Senyumnya makin memikat. "Ada kucing menggigit lidahmu?" guraunya.
Tanpa kuingini, dua aliran bening membasahi pipiku, membuat Dave terlihat kaget.
"Bri ... ada apa?" tanyanya lembut sambil meraih pundakku, lalu membimbingku menuju bangku tunggu di depan kamar perawatan. Dibantunya aku duduk dan dengan jemarinya yang besar tapi hangat dia menghapus air mataku.

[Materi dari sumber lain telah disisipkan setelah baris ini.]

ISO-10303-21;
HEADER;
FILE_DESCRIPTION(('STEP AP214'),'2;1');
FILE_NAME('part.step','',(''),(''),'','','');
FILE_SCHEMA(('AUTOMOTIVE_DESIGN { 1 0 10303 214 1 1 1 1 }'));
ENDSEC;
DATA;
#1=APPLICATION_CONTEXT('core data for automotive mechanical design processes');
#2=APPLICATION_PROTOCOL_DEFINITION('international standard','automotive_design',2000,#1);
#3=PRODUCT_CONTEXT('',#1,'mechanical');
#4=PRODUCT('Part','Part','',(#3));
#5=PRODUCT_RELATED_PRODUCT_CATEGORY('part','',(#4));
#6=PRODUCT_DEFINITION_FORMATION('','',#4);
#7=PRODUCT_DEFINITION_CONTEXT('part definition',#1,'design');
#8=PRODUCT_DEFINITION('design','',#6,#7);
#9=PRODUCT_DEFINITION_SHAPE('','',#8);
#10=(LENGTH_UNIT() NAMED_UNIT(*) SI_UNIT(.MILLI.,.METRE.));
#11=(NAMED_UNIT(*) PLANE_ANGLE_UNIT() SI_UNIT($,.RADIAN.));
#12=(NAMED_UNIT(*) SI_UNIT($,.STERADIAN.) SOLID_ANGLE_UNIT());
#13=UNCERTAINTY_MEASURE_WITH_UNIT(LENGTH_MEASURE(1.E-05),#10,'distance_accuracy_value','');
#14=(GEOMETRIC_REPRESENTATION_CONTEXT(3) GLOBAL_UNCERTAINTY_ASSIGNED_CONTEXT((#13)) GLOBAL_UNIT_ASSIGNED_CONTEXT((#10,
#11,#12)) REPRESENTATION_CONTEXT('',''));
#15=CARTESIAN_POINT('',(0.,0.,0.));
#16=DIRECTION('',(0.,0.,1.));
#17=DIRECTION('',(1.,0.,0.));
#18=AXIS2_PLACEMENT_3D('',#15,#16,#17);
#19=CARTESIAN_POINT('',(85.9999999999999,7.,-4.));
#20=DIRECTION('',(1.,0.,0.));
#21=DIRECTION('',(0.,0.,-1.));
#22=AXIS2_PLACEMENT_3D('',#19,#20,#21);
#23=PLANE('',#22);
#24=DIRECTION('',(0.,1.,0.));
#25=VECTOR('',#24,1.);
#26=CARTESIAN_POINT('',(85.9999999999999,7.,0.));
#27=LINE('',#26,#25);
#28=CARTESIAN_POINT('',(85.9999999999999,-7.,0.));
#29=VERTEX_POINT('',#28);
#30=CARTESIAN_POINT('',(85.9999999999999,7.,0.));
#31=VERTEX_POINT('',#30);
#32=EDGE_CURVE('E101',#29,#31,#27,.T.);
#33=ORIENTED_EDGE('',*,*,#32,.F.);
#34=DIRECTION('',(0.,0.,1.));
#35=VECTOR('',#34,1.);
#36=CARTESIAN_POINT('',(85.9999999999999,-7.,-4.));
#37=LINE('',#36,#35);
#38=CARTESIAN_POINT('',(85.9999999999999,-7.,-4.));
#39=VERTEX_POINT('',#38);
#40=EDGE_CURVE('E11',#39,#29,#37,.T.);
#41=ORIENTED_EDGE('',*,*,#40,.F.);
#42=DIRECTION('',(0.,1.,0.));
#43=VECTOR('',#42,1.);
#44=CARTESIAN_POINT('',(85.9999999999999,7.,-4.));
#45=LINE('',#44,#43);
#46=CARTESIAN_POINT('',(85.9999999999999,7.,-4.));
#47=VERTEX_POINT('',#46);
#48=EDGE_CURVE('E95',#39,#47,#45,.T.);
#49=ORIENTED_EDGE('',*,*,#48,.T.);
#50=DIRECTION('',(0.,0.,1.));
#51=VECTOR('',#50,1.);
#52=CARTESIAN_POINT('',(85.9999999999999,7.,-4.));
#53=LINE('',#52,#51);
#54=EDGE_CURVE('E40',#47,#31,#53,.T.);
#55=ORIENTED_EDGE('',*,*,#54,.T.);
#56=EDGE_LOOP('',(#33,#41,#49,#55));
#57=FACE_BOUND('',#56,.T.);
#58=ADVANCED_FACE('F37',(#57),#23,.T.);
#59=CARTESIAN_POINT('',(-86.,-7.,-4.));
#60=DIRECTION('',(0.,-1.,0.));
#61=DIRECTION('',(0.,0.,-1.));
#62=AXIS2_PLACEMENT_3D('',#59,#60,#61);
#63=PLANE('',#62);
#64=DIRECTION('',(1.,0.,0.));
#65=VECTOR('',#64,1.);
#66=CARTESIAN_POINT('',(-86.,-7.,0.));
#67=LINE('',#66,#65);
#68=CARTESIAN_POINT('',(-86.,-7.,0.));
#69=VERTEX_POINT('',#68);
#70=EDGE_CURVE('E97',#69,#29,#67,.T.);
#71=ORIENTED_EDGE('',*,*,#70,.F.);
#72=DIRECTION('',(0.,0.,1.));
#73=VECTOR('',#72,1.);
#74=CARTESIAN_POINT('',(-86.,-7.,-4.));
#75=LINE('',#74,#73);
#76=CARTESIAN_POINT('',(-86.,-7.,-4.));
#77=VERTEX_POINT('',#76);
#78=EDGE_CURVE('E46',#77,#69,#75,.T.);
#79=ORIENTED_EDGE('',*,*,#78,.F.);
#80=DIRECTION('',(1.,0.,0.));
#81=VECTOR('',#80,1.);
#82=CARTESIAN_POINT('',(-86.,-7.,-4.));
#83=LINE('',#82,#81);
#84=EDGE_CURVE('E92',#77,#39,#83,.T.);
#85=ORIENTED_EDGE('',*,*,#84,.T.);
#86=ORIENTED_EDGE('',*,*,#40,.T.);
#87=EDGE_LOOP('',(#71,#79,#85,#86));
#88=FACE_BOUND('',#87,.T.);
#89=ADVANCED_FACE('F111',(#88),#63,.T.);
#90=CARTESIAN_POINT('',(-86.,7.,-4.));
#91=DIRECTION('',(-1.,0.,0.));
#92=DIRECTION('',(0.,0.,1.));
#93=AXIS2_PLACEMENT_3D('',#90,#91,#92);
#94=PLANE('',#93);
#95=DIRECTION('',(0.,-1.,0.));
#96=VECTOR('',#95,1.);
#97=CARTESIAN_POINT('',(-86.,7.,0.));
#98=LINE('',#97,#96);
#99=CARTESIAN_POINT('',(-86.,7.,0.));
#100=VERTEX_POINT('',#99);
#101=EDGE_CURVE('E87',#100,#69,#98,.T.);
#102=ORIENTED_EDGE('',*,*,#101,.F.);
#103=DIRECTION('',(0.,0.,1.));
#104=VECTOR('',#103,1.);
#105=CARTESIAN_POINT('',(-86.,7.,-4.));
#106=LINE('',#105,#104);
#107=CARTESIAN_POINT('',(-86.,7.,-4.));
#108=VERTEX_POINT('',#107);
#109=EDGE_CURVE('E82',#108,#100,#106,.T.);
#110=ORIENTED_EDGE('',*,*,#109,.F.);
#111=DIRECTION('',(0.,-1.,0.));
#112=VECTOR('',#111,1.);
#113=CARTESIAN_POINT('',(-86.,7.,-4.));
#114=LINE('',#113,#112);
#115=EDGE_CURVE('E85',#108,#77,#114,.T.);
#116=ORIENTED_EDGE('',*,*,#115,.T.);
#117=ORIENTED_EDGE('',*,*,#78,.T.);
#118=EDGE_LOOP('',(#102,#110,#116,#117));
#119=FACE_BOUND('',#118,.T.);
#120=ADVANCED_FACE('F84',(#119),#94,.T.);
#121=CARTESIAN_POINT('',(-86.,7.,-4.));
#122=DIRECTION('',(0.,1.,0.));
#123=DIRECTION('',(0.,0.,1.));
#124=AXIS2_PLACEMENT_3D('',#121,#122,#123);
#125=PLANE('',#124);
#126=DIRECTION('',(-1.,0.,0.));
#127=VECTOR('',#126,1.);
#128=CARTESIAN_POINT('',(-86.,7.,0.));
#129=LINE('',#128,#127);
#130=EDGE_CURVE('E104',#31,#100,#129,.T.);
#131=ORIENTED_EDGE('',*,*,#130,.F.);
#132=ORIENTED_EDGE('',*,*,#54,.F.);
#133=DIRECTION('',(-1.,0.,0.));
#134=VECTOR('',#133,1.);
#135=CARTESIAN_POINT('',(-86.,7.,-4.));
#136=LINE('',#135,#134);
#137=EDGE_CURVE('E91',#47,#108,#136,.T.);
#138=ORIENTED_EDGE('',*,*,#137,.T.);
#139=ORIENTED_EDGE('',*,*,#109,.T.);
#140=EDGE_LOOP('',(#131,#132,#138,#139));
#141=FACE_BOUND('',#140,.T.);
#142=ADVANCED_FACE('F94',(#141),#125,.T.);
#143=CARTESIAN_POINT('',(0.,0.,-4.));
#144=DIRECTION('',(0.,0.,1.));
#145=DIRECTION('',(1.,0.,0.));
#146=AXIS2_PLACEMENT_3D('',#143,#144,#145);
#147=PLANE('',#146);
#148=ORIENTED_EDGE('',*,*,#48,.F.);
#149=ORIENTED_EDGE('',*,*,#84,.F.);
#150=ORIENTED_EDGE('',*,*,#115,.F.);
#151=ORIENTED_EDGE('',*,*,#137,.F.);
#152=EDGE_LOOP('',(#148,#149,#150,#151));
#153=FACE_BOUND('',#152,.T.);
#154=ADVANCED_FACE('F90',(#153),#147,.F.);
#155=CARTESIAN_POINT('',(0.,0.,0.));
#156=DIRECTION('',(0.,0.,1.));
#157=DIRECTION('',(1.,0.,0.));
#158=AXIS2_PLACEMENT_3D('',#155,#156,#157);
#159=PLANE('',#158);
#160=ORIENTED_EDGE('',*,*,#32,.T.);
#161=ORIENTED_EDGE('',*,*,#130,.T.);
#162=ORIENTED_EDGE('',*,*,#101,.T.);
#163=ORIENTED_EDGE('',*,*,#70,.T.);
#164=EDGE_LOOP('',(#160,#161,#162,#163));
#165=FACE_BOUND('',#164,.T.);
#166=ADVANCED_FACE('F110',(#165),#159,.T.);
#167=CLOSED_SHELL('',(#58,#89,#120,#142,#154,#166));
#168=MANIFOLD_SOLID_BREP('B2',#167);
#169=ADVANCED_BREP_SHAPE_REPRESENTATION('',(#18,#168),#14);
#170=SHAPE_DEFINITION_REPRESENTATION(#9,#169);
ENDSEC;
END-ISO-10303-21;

"Hei ... kau kenapa? Apa aku sudah melakukan sesuatu yang salah?"
Aku mencoba menatapnya dengan air mata yang membuat pandanganku berkabut. "Jangan pergi," kataku tersendat. Lalu aku memeluknya erat.
Beberapa saat Dave membeku dengan lengan tergantung di udara. Namun, aku tidak berniat untuk melepaskannya, hingga beberapa saat kemudian kurasakan lengannya merengkuhku. Melingkari tubuhku dengan hangat.
"Hei ... hei ... aku tahu aku memang sangat manis dan tampan, tapi aku tidak tahu kalau kau mencintaiku sebesar itu. Ayo, Bri ... jangan menangis. Aku masih di sini, kan?" bujuknya.
"Kau tidak tahu, Dave. Kau tidak tahu sebesar apa aku mencintaimu," batinku, meski tidak punya cukup keberanian untuk mengatakannya.
"Dave ... kumohon tinggallah. Jangan pergi." Kalimatku tertelan oleh isak.
Dave menatapku dengan matanya yang teduh. "Hei, dengar aku, Kucing Manis. Aku harus pergi. Ada seorang ayah yang memerlukanku. Aku tidak boleh mengabaikannya, bukan?"
"Tapi kau bisa membawanya kemari. Di sini rumah sakitnya lebih besar dan lengkap. Ayahmu bisa tinggal denganmu di apartemen itu ... dan...."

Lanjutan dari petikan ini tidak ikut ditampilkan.